Type	Tag	Regular Expression	Description	Comment
HD	VN	`1.2.0\|1.2.0.SF\|1.2.0.PB`	`cmp.h5` version	Required; root group attribute “Version” from `cmp.h5`
SQ	SN	`[^ \\t\\n\\r@=]+`	Unique reference sequence name	Required; from “/RefInfo/FullName”
	LN	`[0-9]+`	Reference sequence length	Required; from “/RefInfo/Length”
	M5	`[a-fA-F\\d]{32}`	MD5 checksum of reference sequence in uppercase with gaps and spaces removed	Required; from “/RefInfo/MD5”
RG	ID	`[a-fA-F\\d]{10}`	Unique read group ID (generated from RG:PU)	Required if @RG is present; 10 first characters of the hex digest of the RG:PU MD5 hash.

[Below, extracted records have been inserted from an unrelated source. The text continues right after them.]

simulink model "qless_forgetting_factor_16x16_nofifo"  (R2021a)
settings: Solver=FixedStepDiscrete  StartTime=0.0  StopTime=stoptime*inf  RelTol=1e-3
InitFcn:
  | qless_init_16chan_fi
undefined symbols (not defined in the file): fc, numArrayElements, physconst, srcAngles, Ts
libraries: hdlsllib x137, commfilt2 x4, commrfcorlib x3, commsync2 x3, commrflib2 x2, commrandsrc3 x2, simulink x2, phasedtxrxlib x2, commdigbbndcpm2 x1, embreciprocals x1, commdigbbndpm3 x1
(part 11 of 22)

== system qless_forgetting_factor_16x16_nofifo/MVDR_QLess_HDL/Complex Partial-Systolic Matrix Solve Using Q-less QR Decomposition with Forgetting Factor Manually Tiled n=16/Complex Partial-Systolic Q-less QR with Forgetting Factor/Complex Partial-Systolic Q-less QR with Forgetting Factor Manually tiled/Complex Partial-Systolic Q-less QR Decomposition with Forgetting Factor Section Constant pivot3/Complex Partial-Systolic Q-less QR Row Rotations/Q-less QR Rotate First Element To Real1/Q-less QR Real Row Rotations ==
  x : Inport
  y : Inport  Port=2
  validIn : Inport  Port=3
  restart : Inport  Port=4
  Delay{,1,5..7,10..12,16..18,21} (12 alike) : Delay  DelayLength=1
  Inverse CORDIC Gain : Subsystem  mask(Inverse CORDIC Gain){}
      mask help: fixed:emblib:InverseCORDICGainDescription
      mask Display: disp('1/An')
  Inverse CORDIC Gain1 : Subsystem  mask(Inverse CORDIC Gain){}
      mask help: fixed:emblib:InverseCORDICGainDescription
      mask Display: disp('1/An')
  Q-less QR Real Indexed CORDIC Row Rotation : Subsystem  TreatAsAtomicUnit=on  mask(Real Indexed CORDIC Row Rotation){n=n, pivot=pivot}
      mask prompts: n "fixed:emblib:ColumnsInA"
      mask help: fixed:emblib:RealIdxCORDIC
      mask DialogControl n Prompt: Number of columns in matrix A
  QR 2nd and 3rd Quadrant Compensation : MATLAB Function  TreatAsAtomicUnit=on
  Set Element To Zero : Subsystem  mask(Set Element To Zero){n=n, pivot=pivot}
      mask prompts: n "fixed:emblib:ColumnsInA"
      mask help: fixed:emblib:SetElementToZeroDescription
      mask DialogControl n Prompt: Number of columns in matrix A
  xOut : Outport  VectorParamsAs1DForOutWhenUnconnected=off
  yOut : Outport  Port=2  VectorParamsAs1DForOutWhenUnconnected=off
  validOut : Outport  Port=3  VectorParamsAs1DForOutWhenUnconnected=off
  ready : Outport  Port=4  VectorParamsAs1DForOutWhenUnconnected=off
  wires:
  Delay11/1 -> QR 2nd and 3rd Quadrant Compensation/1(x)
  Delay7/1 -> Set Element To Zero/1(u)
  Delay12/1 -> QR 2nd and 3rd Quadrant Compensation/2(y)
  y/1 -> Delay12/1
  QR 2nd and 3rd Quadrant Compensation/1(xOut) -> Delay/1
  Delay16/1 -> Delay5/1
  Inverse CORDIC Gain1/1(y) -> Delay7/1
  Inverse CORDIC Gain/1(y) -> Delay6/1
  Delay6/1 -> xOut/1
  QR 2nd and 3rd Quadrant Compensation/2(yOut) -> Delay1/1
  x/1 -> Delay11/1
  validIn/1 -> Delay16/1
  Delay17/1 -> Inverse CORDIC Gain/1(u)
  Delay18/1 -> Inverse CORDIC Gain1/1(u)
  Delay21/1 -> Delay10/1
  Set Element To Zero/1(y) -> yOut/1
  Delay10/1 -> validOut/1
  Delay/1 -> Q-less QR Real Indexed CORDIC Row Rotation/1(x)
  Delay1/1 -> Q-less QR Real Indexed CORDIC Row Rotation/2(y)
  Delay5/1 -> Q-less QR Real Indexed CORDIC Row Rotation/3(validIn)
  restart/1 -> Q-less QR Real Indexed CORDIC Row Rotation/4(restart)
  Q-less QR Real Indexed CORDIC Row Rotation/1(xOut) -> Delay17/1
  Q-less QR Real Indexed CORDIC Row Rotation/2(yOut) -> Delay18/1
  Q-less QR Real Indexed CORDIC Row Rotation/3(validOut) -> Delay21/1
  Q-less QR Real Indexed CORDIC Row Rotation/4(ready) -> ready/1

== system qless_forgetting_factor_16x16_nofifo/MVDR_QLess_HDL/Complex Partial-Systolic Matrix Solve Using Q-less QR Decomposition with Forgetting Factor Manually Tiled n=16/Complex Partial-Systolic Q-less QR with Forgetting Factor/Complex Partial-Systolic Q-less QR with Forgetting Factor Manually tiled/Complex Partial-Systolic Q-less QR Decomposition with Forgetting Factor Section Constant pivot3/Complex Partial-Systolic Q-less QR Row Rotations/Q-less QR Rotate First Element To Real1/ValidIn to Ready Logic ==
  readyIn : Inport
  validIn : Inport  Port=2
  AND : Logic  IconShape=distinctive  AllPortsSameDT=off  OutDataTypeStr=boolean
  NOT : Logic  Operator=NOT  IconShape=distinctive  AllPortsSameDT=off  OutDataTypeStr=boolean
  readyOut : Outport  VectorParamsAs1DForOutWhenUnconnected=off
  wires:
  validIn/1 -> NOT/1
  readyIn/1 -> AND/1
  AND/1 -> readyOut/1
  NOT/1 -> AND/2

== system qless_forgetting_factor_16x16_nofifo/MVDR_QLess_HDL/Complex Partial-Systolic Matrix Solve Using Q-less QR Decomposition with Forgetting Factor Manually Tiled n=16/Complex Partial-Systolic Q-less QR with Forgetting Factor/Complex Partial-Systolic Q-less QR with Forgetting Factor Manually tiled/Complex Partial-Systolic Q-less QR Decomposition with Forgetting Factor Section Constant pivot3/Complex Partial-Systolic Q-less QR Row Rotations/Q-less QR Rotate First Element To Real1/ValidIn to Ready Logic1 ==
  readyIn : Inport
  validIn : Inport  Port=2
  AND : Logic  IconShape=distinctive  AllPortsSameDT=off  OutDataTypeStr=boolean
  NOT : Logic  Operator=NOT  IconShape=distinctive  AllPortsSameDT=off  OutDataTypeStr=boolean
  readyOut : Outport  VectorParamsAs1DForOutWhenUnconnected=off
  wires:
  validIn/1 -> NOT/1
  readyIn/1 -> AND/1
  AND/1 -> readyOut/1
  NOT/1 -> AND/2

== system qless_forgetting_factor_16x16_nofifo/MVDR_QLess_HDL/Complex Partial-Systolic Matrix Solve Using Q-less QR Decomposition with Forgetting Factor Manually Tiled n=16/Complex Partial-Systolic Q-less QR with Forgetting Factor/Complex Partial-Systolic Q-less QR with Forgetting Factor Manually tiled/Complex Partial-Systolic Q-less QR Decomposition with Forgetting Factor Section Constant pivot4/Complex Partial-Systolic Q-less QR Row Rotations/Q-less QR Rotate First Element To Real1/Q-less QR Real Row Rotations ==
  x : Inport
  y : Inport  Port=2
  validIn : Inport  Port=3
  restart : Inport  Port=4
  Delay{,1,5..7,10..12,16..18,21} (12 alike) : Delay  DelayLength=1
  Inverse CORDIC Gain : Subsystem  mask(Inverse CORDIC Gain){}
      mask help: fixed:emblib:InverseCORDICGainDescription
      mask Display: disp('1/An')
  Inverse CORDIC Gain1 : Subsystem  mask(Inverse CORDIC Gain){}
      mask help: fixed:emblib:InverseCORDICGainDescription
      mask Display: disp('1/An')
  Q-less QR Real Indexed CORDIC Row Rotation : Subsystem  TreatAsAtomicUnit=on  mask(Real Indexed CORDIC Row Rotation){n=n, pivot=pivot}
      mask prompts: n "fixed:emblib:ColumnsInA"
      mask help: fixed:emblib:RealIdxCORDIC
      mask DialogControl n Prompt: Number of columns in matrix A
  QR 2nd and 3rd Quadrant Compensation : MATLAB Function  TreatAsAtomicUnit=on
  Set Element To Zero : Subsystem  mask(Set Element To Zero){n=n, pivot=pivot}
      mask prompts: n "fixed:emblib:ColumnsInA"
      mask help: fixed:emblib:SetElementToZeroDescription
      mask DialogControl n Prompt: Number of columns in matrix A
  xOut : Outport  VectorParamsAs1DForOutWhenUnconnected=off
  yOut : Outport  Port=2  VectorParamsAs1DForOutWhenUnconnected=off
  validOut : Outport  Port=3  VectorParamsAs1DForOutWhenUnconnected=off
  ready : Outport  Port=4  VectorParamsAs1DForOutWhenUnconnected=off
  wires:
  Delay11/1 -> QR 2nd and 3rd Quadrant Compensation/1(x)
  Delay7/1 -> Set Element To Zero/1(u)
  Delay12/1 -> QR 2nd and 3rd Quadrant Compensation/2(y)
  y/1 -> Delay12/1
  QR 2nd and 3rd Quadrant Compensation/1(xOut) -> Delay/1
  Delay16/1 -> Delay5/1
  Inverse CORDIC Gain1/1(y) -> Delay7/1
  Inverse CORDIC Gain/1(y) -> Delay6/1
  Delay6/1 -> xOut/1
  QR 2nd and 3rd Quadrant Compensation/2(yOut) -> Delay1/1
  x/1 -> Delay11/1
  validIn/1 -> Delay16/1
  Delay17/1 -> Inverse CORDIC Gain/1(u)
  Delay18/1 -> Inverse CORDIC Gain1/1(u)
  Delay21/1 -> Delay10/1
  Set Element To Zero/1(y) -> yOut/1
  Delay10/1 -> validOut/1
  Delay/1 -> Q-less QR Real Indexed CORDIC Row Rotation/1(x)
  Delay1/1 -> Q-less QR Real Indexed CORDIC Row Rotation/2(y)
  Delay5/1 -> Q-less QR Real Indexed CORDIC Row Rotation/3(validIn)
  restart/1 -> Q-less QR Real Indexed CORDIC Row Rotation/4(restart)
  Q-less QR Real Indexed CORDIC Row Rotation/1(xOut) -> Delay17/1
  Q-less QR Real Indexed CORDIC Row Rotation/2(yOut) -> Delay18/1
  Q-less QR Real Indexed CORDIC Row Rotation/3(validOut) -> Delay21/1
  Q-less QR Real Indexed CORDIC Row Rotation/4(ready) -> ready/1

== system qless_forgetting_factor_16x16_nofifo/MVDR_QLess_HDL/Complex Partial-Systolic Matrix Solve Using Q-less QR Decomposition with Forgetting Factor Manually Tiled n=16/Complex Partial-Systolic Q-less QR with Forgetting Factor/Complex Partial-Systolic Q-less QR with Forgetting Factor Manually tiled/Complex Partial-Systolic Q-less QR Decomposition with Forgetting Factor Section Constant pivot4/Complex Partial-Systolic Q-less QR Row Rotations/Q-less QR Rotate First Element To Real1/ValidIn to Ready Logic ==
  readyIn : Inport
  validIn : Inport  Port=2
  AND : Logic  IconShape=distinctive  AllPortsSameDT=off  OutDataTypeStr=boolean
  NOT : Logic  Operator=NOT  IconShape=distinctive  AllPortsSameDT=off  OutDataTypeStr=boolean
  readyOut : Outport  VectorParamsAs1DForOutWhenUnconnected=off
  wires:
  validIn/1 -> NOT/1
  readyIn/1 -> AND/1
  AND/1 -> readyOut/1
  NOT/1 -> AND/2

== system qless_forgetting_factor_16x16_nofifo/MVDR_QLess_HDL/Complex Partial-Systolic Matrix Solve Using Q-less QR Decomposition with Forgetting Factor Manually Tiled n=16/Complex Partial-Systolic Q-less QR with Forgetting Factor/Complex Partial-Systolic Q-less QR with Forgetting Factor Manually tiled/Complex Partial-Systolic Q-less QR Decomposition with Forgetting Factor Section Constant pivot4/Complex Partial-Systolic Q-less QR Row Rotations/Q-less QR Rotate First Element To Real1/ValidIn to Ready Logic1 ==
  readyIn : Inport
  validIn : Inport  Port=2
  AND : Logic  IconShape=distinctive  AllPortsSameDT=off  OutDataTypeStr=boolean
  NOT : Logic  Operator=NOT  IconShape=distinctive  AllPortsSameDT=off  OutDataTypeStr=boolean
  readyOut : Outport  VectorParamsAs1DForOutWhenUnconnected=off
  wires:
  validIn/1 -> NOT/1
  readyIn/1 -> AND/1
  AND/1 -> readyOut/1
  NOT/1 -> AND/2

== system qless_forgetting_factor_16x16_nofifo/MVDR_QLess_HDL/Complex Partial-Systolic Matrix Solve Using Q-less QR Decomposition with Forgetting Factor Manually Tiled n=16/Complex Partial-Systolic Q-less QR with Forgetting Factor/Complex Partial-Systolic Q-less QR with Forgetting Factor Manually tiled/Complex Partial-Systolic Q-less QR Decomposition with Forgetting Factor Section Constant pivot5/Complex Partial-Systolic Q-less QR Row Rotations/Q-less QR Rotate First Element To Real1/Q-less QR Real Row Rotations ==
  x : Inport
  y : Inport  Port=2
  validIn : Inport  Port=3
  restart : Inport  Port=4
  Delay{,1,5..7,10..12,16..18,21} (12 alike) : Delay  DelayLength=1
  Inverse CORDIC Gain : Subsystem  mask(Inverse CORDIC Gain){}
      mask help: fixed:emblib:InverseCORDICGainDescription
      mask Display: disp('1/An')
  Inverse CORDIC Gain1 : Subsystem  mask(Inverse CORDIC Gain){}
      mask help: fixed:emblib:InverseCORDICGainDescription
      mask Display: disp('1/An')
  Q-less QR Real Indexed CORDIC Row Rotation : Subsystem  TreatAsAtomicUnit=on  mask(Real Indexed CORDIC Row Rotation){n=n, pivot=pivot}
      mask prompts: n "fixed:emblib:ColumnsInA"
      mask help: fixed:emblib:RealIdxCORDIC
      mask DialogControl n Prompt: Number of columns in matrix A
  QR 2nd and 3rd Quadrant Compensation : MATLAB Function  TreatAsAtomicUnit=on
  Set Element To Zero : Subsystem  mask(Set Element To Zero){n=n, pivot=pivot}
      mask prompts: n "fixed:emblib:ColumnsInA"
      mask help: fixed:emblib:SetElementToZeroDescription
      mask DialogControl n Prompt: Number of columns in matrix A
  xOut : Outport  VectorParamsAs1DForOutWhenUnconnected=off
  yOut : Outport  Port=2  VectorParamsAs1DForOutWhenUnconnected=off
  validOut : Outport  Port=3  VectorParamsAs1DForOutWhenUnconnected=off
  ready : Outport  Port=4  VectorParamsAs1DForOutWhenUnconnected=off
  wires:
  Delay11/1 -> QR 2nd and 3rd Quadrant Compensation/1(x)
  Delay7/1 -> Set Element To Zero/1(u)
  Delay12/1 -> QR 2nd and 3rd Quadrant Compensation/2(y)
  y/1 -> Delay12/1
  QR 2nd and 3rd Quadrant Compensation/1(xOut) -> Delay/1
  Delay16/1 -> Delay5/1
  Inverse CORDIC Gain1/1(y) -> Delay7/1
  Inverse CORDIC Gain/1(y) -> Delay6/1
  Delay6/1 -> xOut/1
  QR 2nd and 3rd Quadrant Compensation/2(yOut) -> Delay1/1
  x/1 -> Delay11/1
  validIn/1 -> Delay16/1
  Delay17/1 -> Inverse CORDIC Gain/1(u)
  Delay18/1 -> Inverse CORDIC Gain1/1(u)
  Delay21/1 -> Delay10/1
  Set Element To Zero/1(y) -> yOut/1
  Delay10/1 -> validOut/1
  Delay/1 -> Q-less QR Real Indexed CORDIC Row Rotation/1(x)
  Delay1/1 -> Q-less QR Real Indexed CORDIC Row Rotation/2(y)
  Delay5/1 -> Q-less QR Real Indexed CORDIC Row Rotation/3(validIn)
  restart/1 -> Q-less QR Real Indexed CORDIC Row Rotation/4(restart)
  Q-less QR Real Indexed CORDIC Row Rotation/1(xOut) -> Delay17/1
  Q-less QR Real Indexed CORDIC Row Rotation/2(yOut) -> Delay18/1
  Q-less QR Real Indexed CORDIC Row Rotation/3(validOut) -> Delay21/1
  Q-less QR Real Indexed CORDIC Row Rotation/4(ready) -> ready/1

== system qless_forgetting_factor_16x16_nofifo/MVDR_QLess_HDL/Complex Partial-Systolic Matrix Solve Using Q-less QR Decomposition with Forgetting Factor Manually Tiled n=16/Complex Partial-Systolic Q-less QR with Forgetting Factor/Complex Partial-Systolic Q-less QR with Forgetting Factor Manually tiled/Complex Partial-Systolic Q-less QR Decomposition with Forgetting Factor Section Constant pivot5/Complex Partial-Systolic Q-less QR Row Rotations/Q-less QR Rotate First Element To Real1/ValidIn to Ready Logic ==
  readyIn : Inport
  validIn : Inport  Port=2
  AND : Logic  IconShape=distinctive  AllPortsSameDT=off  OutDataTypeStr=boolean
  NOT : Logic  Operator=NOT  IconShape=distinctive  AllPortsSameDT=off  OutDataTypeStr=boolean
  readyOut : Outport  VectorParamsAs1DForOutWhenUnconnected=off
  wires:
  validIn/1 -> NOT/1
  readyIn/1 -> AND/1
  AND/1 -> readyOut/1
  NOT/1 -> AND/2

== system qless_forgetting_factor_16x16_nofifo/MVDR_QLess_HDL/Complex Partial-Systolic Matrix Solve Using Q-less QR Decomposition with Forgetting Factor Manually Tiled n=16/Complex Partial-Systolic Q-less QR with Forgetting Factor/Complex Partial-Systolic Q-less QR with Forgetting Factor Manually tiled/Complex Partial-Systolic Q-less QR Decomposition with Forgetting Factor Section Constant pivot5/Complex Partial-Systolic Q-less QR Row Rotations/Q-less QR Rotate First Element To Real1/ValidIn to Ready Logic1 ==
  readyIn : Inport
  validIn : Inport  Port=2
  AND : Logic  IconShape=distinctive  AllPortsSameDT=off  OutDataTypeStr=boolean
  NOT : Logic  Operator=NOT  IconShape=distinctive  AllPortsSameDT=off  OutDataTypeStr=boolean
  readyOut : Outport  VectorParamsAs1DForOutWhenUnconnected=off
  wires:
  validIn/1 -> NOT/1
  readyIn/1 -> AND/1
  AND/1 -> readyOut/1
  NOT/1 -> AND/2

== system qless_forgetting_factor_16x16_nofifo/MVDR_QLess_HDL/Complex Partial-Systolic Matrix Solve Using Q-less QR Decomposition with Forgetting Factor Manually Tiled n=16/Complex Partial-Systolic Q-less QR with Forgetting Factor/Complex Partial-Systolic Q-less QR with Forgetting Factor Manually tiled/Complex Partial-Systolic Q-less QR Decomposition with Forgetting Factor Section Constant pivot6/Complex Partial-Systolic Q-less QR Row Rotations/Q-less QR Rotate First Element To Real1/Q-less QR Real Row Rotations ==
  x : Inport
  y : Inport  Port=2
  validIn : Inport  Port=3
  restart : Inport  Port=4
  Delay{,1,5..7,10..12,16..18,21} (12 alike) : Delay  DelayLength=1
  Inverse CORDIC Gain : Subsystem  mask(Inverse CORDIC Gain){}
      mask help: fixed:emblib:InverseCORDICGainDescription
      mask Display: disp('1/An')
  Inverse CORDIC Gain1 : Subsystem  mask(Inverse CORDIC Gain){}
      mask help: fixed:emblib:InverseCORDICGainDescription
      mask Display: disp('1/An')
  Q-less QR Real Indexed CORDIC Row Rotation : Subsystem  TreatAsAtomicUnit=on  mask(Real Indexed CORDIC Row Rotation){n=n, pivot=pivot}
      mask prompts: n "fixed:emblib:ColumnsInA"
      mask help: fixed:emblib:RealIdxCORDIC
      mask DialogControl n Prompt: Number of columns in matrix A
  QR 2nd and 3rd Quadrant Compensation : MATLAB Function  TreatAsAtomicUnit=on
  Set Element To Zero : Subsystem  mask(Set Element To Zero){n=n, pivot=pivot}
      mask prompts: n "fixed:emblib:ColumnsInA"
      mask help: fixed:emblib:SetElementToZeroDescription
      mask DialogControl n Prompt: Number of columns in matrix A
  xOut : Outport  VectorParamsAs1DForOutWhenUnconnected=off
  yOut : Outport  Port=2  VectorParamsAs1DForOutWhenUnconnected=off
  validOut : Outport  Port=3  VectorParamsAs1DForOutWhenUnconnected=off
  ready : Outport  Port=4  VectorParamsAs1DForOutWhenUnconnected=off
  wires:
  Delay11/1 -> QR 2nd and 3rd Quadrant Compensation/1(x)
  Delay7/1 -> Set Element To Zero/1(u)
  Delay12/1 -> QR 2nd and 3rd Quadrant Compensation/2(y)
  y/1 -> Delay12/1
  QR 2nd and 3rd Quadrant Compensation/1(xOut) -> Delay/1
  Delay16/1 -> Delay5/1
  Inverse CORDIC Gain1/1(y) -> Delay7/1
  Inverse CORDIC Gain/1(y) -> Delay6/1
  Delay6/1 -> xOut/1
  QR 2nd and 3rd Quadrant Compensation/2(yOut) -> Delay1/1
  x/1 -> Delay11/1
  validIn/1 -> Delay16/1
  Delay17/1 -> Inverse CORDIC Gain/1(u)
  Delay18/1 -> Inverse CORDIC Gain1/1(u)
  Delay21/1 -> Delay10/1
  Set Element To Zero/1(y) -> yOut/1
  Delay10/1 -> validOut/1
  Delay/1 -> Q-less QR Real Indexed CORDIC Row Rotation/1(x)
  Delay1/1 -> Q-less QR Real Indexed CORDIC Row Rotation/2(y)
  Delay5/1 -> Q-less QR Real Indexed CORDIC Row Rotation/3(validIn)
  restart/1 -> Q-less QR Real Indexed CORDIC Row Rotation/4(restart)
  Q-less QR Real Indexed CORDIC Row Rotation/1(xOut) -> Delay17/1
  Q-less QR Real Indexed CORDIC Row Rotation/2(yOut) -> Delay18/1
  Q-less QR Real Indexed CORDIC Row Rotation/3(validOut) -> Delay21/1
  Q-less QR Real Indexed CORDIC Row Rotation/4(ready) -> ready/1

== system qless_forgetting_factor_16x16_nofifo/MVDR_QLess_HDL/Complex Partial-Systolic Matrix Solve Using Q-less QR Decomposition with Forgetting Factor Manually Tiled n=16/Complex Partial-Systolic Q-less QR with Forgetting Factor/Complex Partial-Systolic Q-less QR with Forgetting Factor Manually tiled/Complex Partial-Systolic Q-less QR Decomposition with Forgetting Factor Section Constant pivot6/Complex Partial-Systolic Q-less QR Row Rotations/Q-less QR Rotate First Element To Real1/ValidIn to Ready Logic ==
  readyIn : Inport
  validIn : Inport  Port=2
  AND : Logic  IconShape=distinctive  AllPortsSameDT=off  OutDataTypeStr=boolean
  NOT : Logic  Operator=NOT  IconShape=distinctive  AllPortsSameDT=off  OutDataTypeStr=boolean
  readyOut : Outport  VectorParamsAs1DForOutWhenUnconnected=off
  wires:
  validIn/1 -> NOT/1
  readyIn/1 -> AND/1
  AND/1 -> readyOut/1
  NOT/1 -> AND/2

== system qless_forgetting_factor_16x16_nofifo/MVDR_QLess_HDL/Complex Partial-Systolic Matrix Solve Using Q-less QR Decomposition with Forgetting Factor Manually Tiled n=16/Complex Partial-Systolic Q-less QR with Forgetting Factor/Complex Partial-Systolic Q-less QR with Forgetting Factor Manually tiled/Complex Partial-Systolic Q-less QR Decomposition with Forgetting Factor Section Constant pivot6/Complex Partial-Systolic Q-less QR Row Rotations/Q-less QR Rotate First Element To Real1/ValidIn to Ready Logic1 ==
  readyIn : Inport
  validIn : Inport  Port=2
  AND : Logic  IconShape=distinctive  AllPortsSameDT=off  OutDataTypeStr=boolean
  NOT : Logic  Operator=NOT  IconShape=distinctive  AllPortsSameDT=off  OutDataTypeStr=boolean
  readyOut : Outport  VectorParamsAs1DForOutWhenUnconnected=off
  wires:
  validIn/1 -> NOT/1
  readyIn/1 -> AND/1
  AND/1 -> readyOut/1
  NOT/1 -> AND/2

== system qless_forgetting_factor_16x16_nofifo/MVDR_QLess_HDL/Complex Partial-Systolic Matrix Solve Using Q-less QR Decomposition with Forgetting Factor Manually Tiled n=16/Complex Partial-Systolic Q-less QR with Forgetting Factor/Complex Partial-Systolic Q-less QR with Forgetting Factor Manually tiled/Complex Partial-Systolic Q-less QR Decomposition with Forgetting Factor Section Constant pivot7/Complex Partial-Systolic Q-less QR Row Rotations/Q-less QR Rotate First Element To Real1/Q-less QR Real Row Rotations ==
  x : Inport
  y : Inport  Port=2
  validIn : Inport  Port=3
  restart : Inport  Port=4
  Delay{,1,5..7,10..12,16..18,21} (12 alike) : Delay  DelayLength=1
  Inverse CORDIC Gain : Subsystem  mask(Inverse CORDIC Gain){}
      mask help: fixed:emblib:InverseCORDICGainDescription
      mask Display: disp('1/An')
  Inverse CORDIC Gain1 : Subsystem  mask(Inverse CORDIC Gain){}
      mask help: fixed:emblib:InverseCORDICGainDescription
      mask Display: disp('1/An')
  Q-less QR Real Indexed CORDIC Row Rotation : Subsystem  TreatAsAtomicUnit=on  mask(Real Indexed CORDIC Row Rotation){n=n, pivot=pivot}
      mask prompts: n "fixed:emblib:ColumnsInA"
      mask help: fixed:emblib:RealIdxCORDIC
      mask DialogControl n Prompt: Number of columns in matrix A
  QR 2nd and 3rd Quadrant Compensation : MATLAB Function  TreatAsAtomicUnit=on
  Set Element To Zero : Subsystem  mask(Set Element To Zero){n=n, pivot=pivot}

The RG optional field per alignment record will also be included
	PU	`m[0-9]+_[0-9]+_[a-zA-Z0` `-9]+_c[0-9]+_s[0-9]_p[0` `-9]`	Unique platform unit as represented by the Movie Name	Optional if @RG is present; from “/MovieInfo/Name” in `cmp.h5`. The Movie Name stores date/time, instrument name, cell ID and pane ID
	SM	`c[0-9]+`	Unique cell ID (extracted from RG:PU	Optional if @RG is present; from “/MovieInfo/Name” in `cmp.h5` after extracting the 4th field using ‘_’ as the delimiter
	PL	`PacBio_[A-Z]+`	Platform/technology used to generate the original `cmp.h5` file	Optional if @RG is present; sequencing platform name (PacBio RS)
	DT	`[0-9\\-]+T[:0-9]+`	ISO8601 date/time (extracted from RG:PU	Optional if @RG is present; from “/MovieInfo/Name” in `cmp.h5` after extracting the first 2 fields using ‘_’ as the delimiter. First fiels represents the date and the second the time
PG	ID	`[a-zA-Z_\\.0-9]+`	Software that generated the `SAM` file	Required if @PG is present;
	VN	`[a-zA-Z_\\.0-9]+`	Version of software that generated the `SAM` file	Optional if @PG is present;
	CL	`[a-zA-Z_\\.0-9]+`	Commandline used to generate the `SAM` file	Optional if @PG is present; includes all commandline tool arguments and absolute file paths
CO		`[a-zA-Z:0-9]+`	One-line text of comments	Optional;

The following example is of a PacBio SAM header generated from a cmp.h5 file containing 2 reference sequences:

@ HD        VN:1.3
@SQ SN:lambda_NEB3011       LN:48502        M5:a1319ff90e994c8190a4fe6569d0822a
@RG ID:0f1b0b57bca8fd9143a2b48b3c6592ab     SM:c100072840635400000315004305181152   PU:m110208_151047_richard_c100072840635400000315004305181152_s2_p0      PL:PacBio_RS    DT:2011-02-08T15:10:47
@RG ID:fbaf81b5d7a6e69f897e793d4076c225     SM:c100072840635400000315004305181152   PU:m110208_151047_richard_c100072840635400000315004305181152_s1_p0      PL:PacBio_RS    DT:2011-02-08T15:10:47
@PG ID:SAMIO.py     VN:1.2.0.PB     CL:TEST
@CO READS:181843

Notes:

Ordering of @SQ tags: Determined by the order of appearance of reference headers in the Reference Repository associated with the SAF HDF5 or provided as an argument by the user to SAMIO.py

Alignment section¶

Data fields for each PacBio SAM alignment are populated using data fields from cmp.h5 “AlnIndex” rows and their respective “AlnArray” mappings. In the presence of a soft of hard clipped CIGAR field, clippings are determined from entries in the “/PulseData/BaseCalls/Basecall” dataset of the HDF Pulse File and quality values from the “/PulseData/BaseCalls/QualityValue” dataset. Field descriptions are updated from the current SAM specification only if they are associated with information that is unique to PacBio.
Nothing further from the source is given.